* _WORK ITEM_
Every record below is to be copied exactly, with its images omitted.
───── DATA ─────
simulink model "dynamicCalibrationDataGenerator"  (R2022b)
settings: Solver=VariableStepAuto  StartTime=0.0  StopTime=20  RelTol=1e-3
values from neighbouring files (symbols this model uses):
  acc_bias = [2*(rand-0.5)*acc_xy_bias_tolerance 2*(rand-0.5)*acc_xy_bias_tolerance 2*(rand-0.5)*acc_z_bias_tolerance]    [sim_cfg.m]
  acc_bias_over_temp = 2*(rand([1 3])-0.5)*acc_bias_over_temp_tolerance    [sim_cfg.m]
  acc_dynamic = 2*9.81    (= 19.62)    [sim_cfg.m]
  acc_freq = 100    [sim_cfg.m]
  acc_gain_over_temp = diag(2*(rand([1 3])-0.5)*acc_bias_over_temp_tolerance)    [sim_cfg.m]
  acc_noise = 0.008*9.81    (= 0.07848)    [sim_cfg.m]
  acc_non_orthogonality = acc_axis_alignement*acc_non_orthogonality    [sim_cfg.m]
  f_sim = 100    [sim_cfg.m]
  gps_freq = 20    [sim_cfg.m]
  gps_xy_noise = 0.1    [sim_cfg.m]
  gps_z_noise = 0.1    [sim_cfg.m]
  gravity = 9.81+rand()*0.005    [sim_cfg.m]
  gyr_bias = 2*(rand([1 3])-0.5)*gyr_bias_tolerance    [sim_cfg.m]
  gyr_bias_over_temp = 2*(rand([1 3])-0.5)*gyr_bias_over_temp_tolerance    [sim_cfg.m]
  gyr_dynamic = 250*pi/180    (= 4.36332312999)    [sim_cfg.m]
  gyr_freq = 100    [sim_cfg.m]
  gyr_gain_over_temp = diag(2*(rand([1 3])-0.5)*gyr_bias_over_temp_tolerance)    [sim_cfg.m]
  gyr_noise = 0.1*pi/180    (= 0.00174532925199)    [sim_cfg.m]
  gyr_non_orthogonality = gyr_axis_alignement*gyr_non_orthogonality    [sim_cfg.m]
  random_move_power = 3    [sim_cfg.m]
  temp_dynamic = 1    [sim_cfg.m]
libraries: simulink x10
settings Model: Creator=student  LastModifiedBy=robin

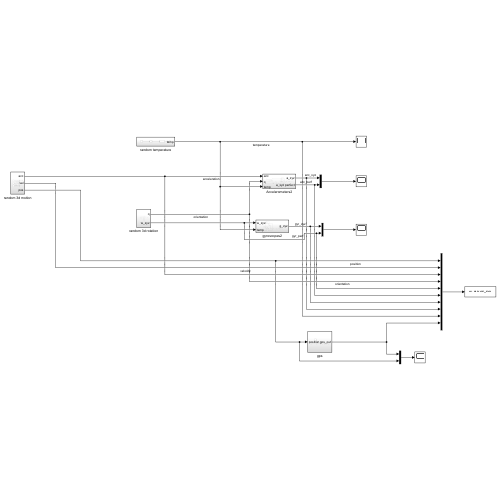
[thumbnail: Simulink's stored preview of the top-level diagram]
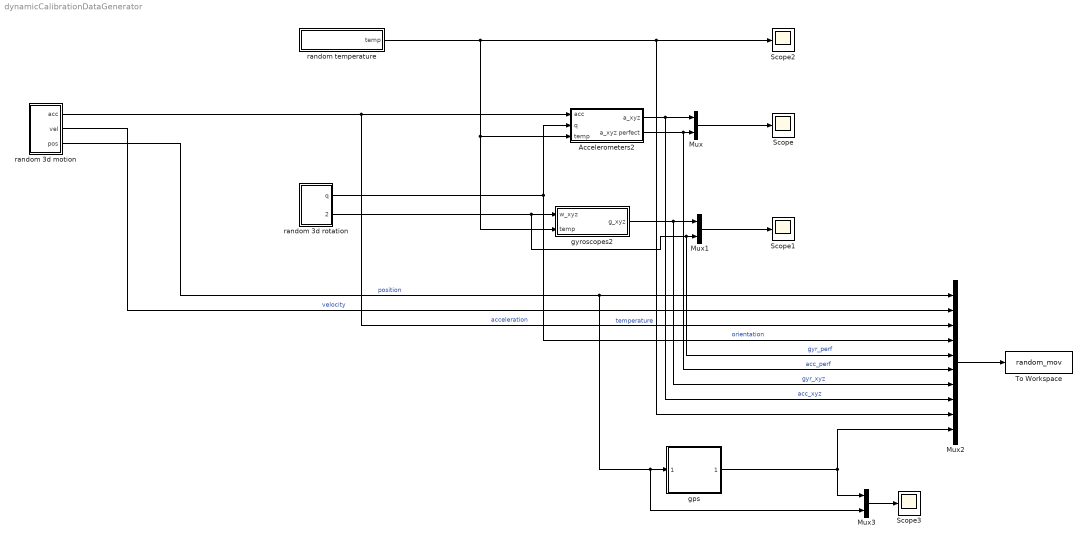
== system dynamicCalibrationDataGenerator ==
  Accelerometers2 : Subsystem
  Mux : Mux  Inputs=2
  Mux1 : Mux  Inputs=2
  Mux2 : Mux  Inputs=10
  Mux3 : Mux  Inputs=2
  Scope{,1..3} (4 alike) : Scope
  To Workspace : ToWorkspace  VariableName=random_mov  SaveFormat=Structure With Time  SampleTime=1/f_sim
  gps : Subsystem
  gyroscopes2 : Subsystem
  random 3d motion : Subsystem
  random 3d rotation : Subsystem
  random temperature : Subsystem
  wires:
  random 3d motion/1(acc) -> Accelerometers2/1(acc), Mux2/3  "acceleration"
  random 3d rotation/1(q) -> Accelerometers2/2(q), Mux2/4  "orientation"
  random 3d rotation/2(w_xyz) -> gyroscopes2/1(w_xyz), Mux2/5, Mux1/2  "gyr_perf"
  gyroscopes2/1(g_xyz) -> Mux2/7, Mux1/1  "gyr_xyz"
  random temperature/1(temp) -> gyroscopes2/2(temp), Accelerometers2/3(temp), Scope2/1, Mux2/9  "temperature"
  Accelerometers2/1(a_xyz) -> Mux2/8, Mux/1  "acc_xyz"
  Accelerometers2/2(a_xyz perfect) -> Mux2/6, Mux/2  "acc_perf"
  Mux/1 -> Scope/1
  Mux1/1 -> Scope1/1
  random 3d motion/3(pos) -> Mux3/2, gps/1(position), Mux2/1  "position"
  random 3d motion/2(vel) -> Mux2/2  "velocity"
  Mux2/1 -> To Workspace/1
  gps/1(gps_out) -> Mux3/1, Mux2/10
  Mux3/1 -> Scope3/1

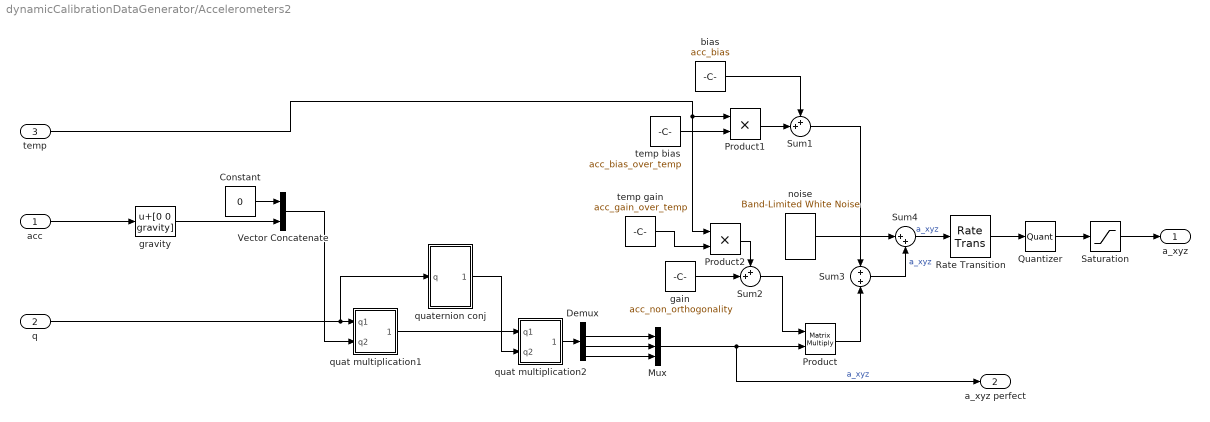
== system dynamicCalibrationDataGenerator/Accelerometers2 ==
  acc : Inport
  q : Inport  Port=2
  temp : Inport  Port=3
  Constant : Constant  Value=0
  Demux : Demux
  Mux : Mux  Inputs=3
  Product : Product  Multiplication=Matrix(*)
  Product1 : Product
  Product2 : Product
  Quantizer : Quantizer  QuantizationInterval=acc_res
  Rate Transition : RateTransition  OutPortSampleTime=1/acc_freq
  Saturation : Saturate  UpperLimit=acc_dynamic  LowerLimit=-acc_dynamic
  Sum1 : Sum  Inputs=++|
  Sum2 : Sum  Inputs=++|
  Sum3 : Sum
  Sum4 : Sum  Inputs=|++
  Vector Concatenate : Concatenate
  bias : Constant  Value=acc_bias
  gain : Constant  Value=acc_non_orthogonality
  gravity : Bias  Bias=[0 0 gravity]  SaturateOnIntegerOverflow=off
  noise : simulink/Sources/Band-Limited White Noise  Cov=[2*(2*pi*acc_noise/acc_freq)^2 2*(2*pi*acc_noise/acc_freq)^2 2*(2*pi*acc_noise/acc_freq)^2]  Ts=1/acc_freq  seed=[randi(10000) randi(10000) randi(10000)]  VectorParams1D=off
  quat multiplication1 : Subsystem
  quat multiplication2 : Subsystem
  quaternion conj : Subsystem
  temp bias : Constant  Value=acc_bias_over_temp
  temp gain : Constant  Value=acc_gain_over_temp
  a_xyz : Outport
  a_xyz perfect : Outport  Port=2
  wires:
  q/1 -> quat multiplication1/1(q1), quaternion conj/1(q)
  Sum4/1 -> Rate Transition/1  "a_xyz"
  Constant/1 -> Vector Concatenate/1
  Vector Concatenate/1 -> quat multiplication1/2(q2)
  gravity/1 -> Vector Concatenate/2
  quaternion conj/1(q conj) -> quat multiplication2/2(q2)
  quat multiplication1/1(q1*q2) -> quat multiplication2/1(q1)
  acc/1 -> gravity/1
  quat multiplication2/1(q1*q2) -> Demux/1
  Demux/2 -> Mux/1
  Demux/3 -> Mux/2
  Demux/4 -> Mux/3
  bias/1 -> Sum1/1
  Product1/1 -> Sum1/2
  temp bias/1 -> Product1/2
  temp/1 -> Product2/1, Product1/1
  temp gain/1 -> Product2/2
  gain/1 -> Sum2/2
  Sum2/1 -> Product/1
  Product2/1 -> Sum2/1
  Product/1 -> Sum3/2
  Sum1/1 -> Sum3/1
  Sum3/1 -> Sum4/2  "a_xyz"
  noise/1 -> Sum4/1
─────
* _OUTPUT FOR THIS TASK_
simulink model "dynamicCalibrationDataGenerator"  (R2022b)
settings: Solver=VariableStepAuto  StartTime=0.0  StopTime=20  RelTol=1e-3
values from neighbouring files (symbols this model uses):
  acc_bias = [2*(rand-0.5)*acc_xy_bias_tolerance 2*(rand-0.5)*acc_xy_bias_tolerance 2*(rand-0.5)*acc_z_bias_tolerance]    [sim_cfg.m]
  acc_bias_over_temp = 2*(rand([1 3])-0.5)*acc_bias_over_temp_tolerance    [sim_cfg.m]
  acc_dynamic = 2*9.81    (= 19.62)    [sim_cfg.m]
  acc_freq = 100    [sim_cfg.m]
  acc_gain_over_temp = diag(2*(rand([1 3])-0.5)*acc_bias_over_temp_tolerance)    [sim_cfg.m]
  acc_noise = 0.008*9.81    (= 0.07848)    [sim_cfg.m]
  acc_non_orthogonality = acc_axis_alignement*acc_non_orthogonality    [sim_cfg.m]
  f_sim = 100    [sim_cfg.m]
  gps_freq = 20    [sim_cfg.m]
  gps_xy_noise = 0.1    [sim_cfg.m]
  gps_z_noise = 0.1    [sim_cfg.m]
  gravity = 9.81+rand()*0.005    [sim_cfg.m]
  gyr_bias = 2*(rand([1 3])-0.5)*gyr_bias_tolerance    [sim_cfg.m]
  gyr_bias_over_temp = 2*(rand([1 3])-0.5)*gyr_bias_over_temp_tolerance    [sim_cfg.m]
  gyr_dynamic = 250*pi/180    (= 4.36332312999)    [sim_cfg.m]
  gyr_freq = 100    [sim_cfg.m]
  gyr_gain_over_temp = diag(2*(rand([1 3])-0.5)*gyr_bias_over_temp_tolerance)    [sim_cfg.m]
  gyr_noise = 0.1*pi/180    (= 0.00174532925199)    [sim_cfg.m]
  gyr_non_orthogonality = gyr_axis_alignement*gyr_non_orthogonality    [sim_cfg.m]
  random_move_power = 3    [sim_cfg.m]
  temp_dynamic = 1    [sim_cfg.m]
libraries: simulink x10
settings Model: Creator=student  LastModifiedBy=robin

[thumbnail: Simulink's stored preview of the top-level diagram]
== system dynamicCalibrationDataGenerator ==
  Accelerometers2 : Subsystem
  Mux : Mux  Inputs=2
  Mux1 : Mux  Inputs=2
  Mux2 : Mux  Inputs=10
  Mux3 : Mux  Inputs=2
  Scope{,1..3} (4 alike) : Scope
  To Workspace : ToWorkspace  VariableName=random_mov  SaveFormat=Structure With Time  SampleTime=1/f_sim
  gps : Subsystem
  gyroscopes2 : Subsystem
  random 3d motion : Subsystem
  random 3d rotation : Subsystem
  random temperature : Subsystem
  wires:
  random 3d motion/1(acc) -> Accelerometers2/1(acc), Mux2/3  "acceleration"
  random 3d rotation/1(q) -> Accelerometers2/2(q), Mux2/4  "orientation"
  random 3d rotation/2(w_xyz) -> gyroscopes2/1(w_xyz), Mux2/5, Mux1/2  "gyr_perf"
  gyroscopes2/1(g_xyz) -> Mux2/7, Mux1/1  "gyr_xyz"
  random temperature/1(temp) -> gyroscopes2/2(temp), Accelerometers2/3(temp), Scope2/1, Mux2/9  "temperature"
  Accelerometers2/1(a_xyz) -> Mux2/8, Mux/1  "acc_xyz"
  Accelerometers2/2(a_xyz perfect) -> Mux2/6, Mux/2  "acc_perf"
  Mux/1 -> Scope/1
  Mux1/1 -> Scope1/1
  random 3d motion/3(pos) -> Mux3/2, gps/1(position), Mux2/1  "position"
  random 3d motion/2(vel) -> Mux2/2  "velocity"
  Mux2/1 -> To Workspace/1
  gps/1(gps_out) -> Mux3/1, Mux2/10
  Mux3/1 -> Scope3/1

== system dynamicCalibrationDataGenerator/Accelerometers2 ==
  acc : Inport
  q : Inport  Port=2
  temp : Inport  Port=3
  Constant : Constant  Value=0
  Demux : Demux
  Mux : Mux  Inputs=3
  Product : Product  Multiplication=Matrix(*)
  Product1 : Product
  Product2 : Product
  Quantizer : Quantizer  QuantizationInterval=acc_res
  Rate Transition : RateTransition  OutPortSampleTime=1/acc_freq
  Saturation : Saturate  UpperLimit=acc_dynamic  LowerLimit=-acc_dynamic
  Sum1 : Sum  Inputs=++|
  Sum2 : Sum  Inputs=++|
  Sum3 : Sum
  Sum4 : Sum  Inputs=|++
  Vector Concatenate : Concatenate
  bias : Constant  Value=acc_bias
  gain : Constant  Value=acc_non_orthogonality
  gravity : Bias  Bias=[0 0 gravity]  SaturateOnIntegerOverflow=off
  noise : simulink/Sources/Band-Limited White Noise  Cov=[2*(2*pi*acc_noise/acc_freq)^2 2*(2*pi*acc_noise/acc_freq)^2 2*(2*pi*acc_noise/acc_freq)^2]  Ts=1/acc_freq  seed=[randi(10000) randi(10000) randi(10000)]  VectorParams1D=off
  quat multiplication1 : Subsystem
  quat multiplication2 : Subsystem
  quaternion conj : Subsystem
  temp bias : Constant  Value=acc_bias_over_temp
  temp gain : Constant  Value=acc_gain_over_temp
  a_xyz : Outport
  a_xyz perfect : Outport  Port=2
  wires:
  q/1 -> quat multiplication1/1(q1), quaternion conj/1(q)
  Sum4/1 -> Rate Transition/1  "a_xyz"
  Constant/1 -> Vector Concatenate/1
  Vector Concatenate/1 -> quat multiplication1/2(q2)
  gravity/1 -> Vector Concatenate/2
  quaternion conj/1(q conj) -> quat multiplication2/2(q2)
  quat multiplication1/1(q1*q2) -> quat multiplication2/1(q1)
  acc/1 -> gravity/1
  quat multiplication2/1(q1*q2) -> Demux/1
  Demux/2 -> Mux/1
  Demux/3 -> Mux/2
  Demux/4 -> Mux/3
  bias/1 -> Sum1/1
  Product1/1 -> Sum1/2
  temp bias/1 -> Product1/2
  temp/1 -> Product2/1, Product1/1
  temp gain/1 -> Product2/2
  gain/1 -> Sum2/2
  Sum2/1 -> Product/1
  Product2/1 -> Sum2/1
  Product/1 -> Sum3/2
  Sum1/1 -> Sum3/1
  Sum3/1 -> Sum4/2  "a_xyz"
  noise/1 -> Sum4/1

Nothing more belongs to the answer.